More important, those reporters who believed that Chambers was telling the truth were immediately ostracized. None of this could have been based on the evidence for either side, for that evidence had not yet been presented in court. For decades after Hiss was convicted and sent to federal prison, much of the media and the intelligentsia defended him. To this day, there is an Alger Hiss chair at Bard College. Why did it matter so much to so many people which of two previously little-known men was telling the truth? Because what was on trial was not one man but a whole vision of the world and a way of life.

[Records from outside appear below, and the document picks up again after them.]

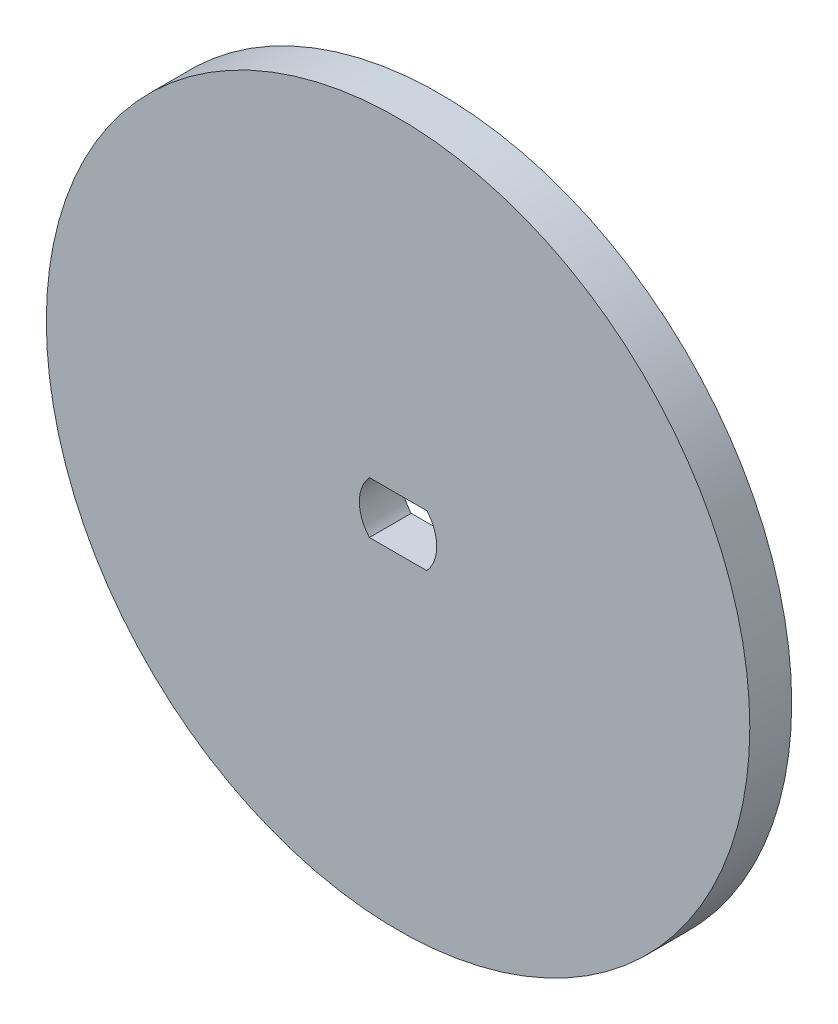
ISO-10303-21;
HEADER;
FILE_DESCRIPTION(('STEP AP214'),'2;1');
FILE_NAME('part.step','',(''),(''),'','','');
FILE_SCHEMA(('AUTOMOTIVE_DESIGN { 1 0 10303 214 1 1 1 1 }'));
ENDSEC;
DATA;
#1=APPLICATION_CONTEXT('core data for automotive mechanical design processes');
#2=APPLICATION_PROTOCOL_DEFINITION('international standard','automotive_design',2000,#1);
#3=PRODUCT_CONTEXT('',#1,'mechanical');
#4=PRODUCT('Part','Part','',(#3));
#5=PRODUCT_RELATED_PRODUCT_CATEGORY('part','',(#4));
#6=PRODUCT_DEFINITION_FORMATION('','',#4);
#7=PRODUCT_DEFINITION_CONTEXT('part definition',#1,'design');
#8=PRODUCT_DEFINITION('design','',#6,#7);
#9=PRODUCT_DEFINITION_SHAPE('','',#8);
#10=(LENGTH_UNIT() NAMED_UNIT(*) SI_UNIT(.MILLI.,.METRE.));
#11=(NAMED_UNIT(*) PLANE_ANGLE_UNIT() SI_UNIT($,.RADIAN.));
#12=(NAMED_UNIT(*) SI_UNIT($,.STERADIAN.) SOLID_ANGLE_UNIT());
#13=UNCERTAINTY_MEASURE_WITH_UNIT(LENGTH_MEASURE(1.E-05),#10,'distance_accuracy_value','');
#14=(GEOMETRIC_REPRESENTATION_CONTEXT(3) GLOBAL_UNCERTAINTY_ASSIGNED_CONTEXT((#13)) GLOBAL_UNIT_ASSIGNED_CONTEXT((#10,
#11,#12)) REPRESENTATION_CONTEXT('',''));
#15=CARTESIAN_POINT('',(0.,0.,0.));
#16=DIRECTION('',(0.,0.,1.));
#17=DIRECTION('',(1.,0.,0.));
#18=AXIS2_PLACEMENT_3D('',#15,#16,#17);
#19=CARTESIAN_POINT('',(0.,0.,3.175));
#20=DIRECTION('',(0.,0.,-1.));
#21=DIRECTION('',(-1.,0.,0.));
#22=AXIS2_PLACEMENT_3D('',#19,#20,#21);
#23=CYLINDRICAL_SURFACE('',#22,2.9337);
#24=CARTESIAN_POINT('',(0.,0.,0.));
#25=DIRECTION('',(0.,0.,1.));
#26=DIRECTION('',(1.,0.,0.));
#27=AXIS2_PLACEMENT_3D('',#24,#25,#26);
#28=CIRCLE('',#27,2.9337);
#29=CARTESIAN_POINT('',(-2.17522491710627,1.9685,0.));
#30=VERTEX_POINT('',#29);
#31=CARTESIAN_POINT('',(-2.17522491710627,-1.9685,0.));
#32=VERTEX_POINT('',#31);
#33=EDGE_CURVE('E102',#30,#32,#28,.T.);
#34=ORIENTED_EDGE('',*,*,#33,.F.);
#35=DIRECTION('',(0.,0.,-1.));
#36=VECTOR('',#35,1.);
#37=CARTESIAN_POINT('',(-2.17522491710627,1.9685,3.175));
#38=LINE('',#37,#36);
#39=CARTESIAN_POINT('',(-2.17522491710627,1.9685,3.175));
#40=VERTEX_POINT('',#39);
#41=EDGE_CURVE('E11',#40,#30,#38,.T.);
#42=ORIENTED_EDGE('',*,*,#41,.F.);
#43=CARTESIAN_POINT('',(0.,0.,3.175));
#44=DIRECTION('',(0.,0.,1.));
#45=DIRECTION('',(1.,0.,0.));
#46=AXIS2_PLACEMENT_3D('',#43,#44,#45);
#47=CIRCLE('',#46,2.9337);
#48=CARTESIAN_POINT('',(-2.17522491710627,-1.9685,3.175));
#49=VERTEX_POINT('',#48);
#50=EDGE_CURVE('E84',#40,#49,#47,.T.);
#51=ORIENTED_EDGE('',*,*,#50,.T.);
#52=DIRECTION('',(0.,0.,-1.));
#53=VECTOR('',#52,1.);
#54=CARTESIAN_POINT('',(-2.17522491710627,-1.9685,3.175));
#55=LINE('',#54,#53);
#56=EDGE_CURVE('E51',#49,#32,#55,.T.);
#57=ORIENTED_EDGE('',*,*,#56,.T.);
#58=EDGE_LOOP('',(#34,#42,#51,#57));
#59=FACE_BOUND('',#58,.T.);
#60=ADVANCED_FACE('F35',(#59),#23,.F.);
#61=CARTESIAN_POINT('',(0.,1.9685,3.175));
#62=DIRECTION('',(0.,1.,0.));
#63=DIRECTION('',(0.,0.,1.));
#64=AXIS2_PLACEMENT_3D('',#61,#62,#63);
#65=PLANE('',#64);
#66=DIRECTION('',(1.,0.,0.));
#67=VECTOR('',#66,1.);
#68=CARTESIAN_POINT('',(0.,1.9685,0.));
#69=LINE('',#68,#67);
#70=CARTESIAN_POINT('',(2.17522491710627,1.9685,0.));
#71=VERTEX_POINT('',#70);
#72=EDGE_CURVE('E90',#30,#71,#69,.T.);
#73=ORIENTED_EDGE('',*,*,#72,.T.);
#74=DIRECTION('',(0.,0.,-1.));
#75=VECTOR('',#74,1.);
#76=CARTESIAN_POINT('',(2.17522491710627,1.9685,3.175));
#77=LINE('',#76,#75);
#78=CARTESIAN_POINT('',(2.17522491710627,1.9685,3.175));
#79=VERTEX_POINT('',#78);
#80=EDGE_CURVE('E43',#79,#71,#77,.T.);
#81=ORIENTED_EDGE('',*,*,#80,.F.);
#82=DIRECTION('',(1.,0.,0.));
#83=VECTOR('',#82,1.);
#84=CARTESIAN_POINT('',(0.,1.9685,3.175));
#85=LINE('',#84,#83);
#86=EDGE_CURVE('E77',#40,#79,#85,.T.);
#87=ORIENTED_EDGE('',*,*,#86,.F.);
#88=ORIENTED_EDGE('',*,*,#41,.T.);
#89=EDGE_LOOP('',(#73,#81,#87,#88));
#90=FACE_BOUND('',#89,.T.);
#91=ADVANCED_FACE('F88',(#90),#65,.F.);
#92=CARTESIAN_POINT('',(0.,0.,3.175));
#93=DIRECTION('',(0.,0.,-1.));
#94=DIRECTION('',(-1.,0.,0.));
#95=AXIS2_PLACEMENT_3D('',#92,#93,#94);
#96=CYLINDRICAL_SURFACE('',#95,2.9337);
#97=CARTESIAN_POINT('',(0.,0.,0.));
#98=DIRECTION('',(0.,0.,1.));
#99=DIRECTION('',(1.,0.,0.));
#100=AXIS2_PLACEMENT_3D('',#97,#98,#99);
#101=CIRCLE('',#100,2.9337);
#102=CARTESIAN_POINT('',(2.17522491710627,-1.9685,0.));
#103=VERTEX_POINT('',#102);
#104=EDGE_CURVE('E105',#103,#71,#101,.T.);
#105=ORIENTED_EDGE('',*,*,#104,.F.);
#106=DIRECTION('',(0.,0.,-1.));
#107=VECTOR('',#106,1.);
#108=CARTESIAN_POINT('',(2.17522491710627,-1.9685,3.175));
#109=LINE('',#108,#107);
#110=CARTESIAN_POINT('',(2.17522491710627,-1.9685,3.175));
#111=VERTEX_POINT('',#110);
#112=EDGE_CURVE('E64',#111,#103,#109,.T.);
#113=ORIENTED_EDGE('',*,*,#112,.F.);
#114=CARTESIAN_POINT('',(0.,0.,3.175));
#115=DIRECTION('',(0.,0.,1.));
#116=DIRECTION('',(1.,0.,0.));
#117=AXIS2_PLACEMENT_3D('',#114,#115,#116);
#118=CIRCLE('',#117,2.9337);
#119=EDGE_CURVE('E83',#111,#79,#118,.T.);
#120=ORIENTED_EDGE('',*,*,#119,.T.);
#121=ORIENTED_EDGE('',*,*,#80,.T.);
#122=EDGE_LOOP('',(#105,#113,#120,#121));
#123=FACE_BOUND('',#122,.T.);
#124=ADVANCED_FACE('F93',(#123),#96,.F.);
#125=CARTESIAN_POINT('',(0.,-1.9685,3.175));
#126=DIRECTION('',(0.,1.,0.));
#127=DIRECTION('',(0.,0.,1.));
#128=AXIS2_PLACEMENT_3D('',#125,#126,#127);
#129=PLANE('',#128);
#130=DIRECTION('',(1.,0.,0.));
#131=VECTOR('',#130,1.);
#132=CARTESIAN_POINT('',(0.,-1.9685,0.));
#133=LINE('',#132,#131);
#134=EDGE_CURVE('E107',#32,#103,#133,.T.);
#135=ORIENTED_EDGE('',*,*,#134,.F.);
#136=ORIENTED_EDGE('',*,*,#56,.F.);
#137=DIRECTION('',(1.,0.,0.));
#138=VECTOR('',#137,1.);
#139=CARTESIAN_POINT('',(0.,-1.9685,3.175));
#140=LINE('',#139,#138);
#141=EDGE_CURVE('E94',#49,#111,#140,.T.);
#142=ORIENTED_EDGE('',*,*,#141,.T.);
#143=ORIENTED_EDGE('',*,*,#112,.T.);
#144=EDGE_LOOP('',(#135,#136,#142,#143));
#145=FACE_BOUND('',#144,.T.);
#146=ADVANCED_FACE('F116',(#145),#129,.T.);
#147=CARTESIAN_POINT('',(0.,0.,3.175));
#148=DIRECTION('',(0.,0.,-1.));
#149=DIRECTION('',(-1.,0.,0.));
#150=AXIS2_PLACEMENT_3D('',#147,#148,#149);
#151=CYLINDRICAL_SURFACE('',#150,26.67);
#152=CARTESIAN_POINT('',(0.,0.,3.175));
#153=DIRECTION('',(0.,0.,1.));
#154=DIRECTION('',(1.,0.,0.));
#155=AXIS2_PLACEMENT_3D('',#152,#153,#154);
#156=CIRCLE('',#155,26.67);
#157=CARTESIAN_POINT('',(26.67,0.,3.175));
#158=VERTEX_POINT('',#157);
#159=EDGE_CURVE('E96',#158,#158,#156,.T.);
#160=ORIENTED_EDGE('',*,*,#159,.F.);
#161=EDGE_LOOP('',(#160));
#162=FACE_BOUND('',#161,.T.);
#163=CARTESIAN_POINT('',(0.,0.,0.));
#164=DIRECTION('',(0.,0.,1.));
#165=DIRECTION('',(1.,0.,0.));
#166=AXIS2_PLACEMENT_3D('',#163,#164,#165);
#167=CIRCLE('',#166,26.67);
#168=CARTESIAN_POINT('',(26.67,0.,0.));
#169=VERTEX_POINT('',#168);
#170=EDGE_CURVE('E110',#169,#169,#167,.T.);
#171=ORIENTED_EDGE('',*,*,#170,.T.);
#172=EDGE_LOOP('',(#171));
#173=FACE_BOUND('',#172,.T.);
#174=ADVANCED_FACE('F118',(#162,#173),#151,.T.);
#175=CARTESIAN_POINT('',(0.,0.,3.175));
#176=DIRECTION('',(0.,0.,1.));
#177=DIRECTION('',(1.,0.,0.));
#178=AXIS2_PLACEMENT_3D('',#175,#176,#177);
#179=PLANE('',#178);
#180=ORIENTED_EDGE('',*,*,#50,.F.);
#181=ORIENTED_EDGE('',*,*,#86,.T.);
#182=ORIENTED_EDGE('',*,*,#119,.F.);
#183=ORIENTED_EDGE('',*,*,#141,.F.);
#184=EDGE_LOOP('',(#180,#181,#182,#183));
#185=FACE_BOUND('',#184,.T.);
#186=ORIENTED_EDGE('',*,*,#159,.T.);
#187=EDGE_LOOP('',(#186));
#188=FACE_BOUND('',#187,.T.);
#189=ADVANCED_FACE('F79',(#185,#188),#179,.T.);
#190=CARTESIAN_POINT('',(0.,0.,0.));
#191=DIRECTION('',(0.,0.,1.));
#192=DIRECTION('',(1.,0.,0.));
#193=AXIS2_PLACEMENT_3D('',#190,#191,#192);
#194=PLANE('',#193);
#195=ORIENTED_EDGE('',*,*,#33,.T.);
#196=ORIENTED_EDGE('',*,*,#134,.T.);
#197=ORIENTED_EDGE('',*,*,#104,.T.);
#198=ORIENTED_EDGE('',*,*,#72,.F.);
#199=EDGE_LOOP('',(#195,#196,#197,#198));
#200=FACE_BOUND('',#199,.T.);
#201=ORIENTED_EDGE('',*,*,#170,.F.);
#202=EDGE_LOOP('',(#201));
#203=FACE_BOUND('',#202,.T.);
#204=ADVANCED_FACE('F156',(#200,#203),#194,.F.);
#205=CLOSED_SHELL('',(#60,#91,#124,#146,#174,#189,#204));
#206=MANIFOLD_SOLID_BREP('B2',#205);
#207=ADVANCED_BREP_SHAPE_REPRESENTATION('',(#18,#206),#14);
#208=SHAPE_DEFINITION_REPRESENTATION(#9,#207);
ENDSEC;
END-ISO-10303-21;

Governor Sarah Palin is both a challenge and an affront to that vision and that way of life-- an overdue challenge, much as Chambers' challenge was overdue. Whether Governor Palin runs for national office again is something that only time will tell. But the Republicans need some candidate who is neither one of the country club Republicans nor-- worse yet-- the sort of person who appeals to the intelligentsia.

So you see, the current Tea Party grass roots movement is so that America doesn't become 'just another country'. Of course, not the way Santosh Desai sees it, but the way it was conceptualised by the America's founding fathers.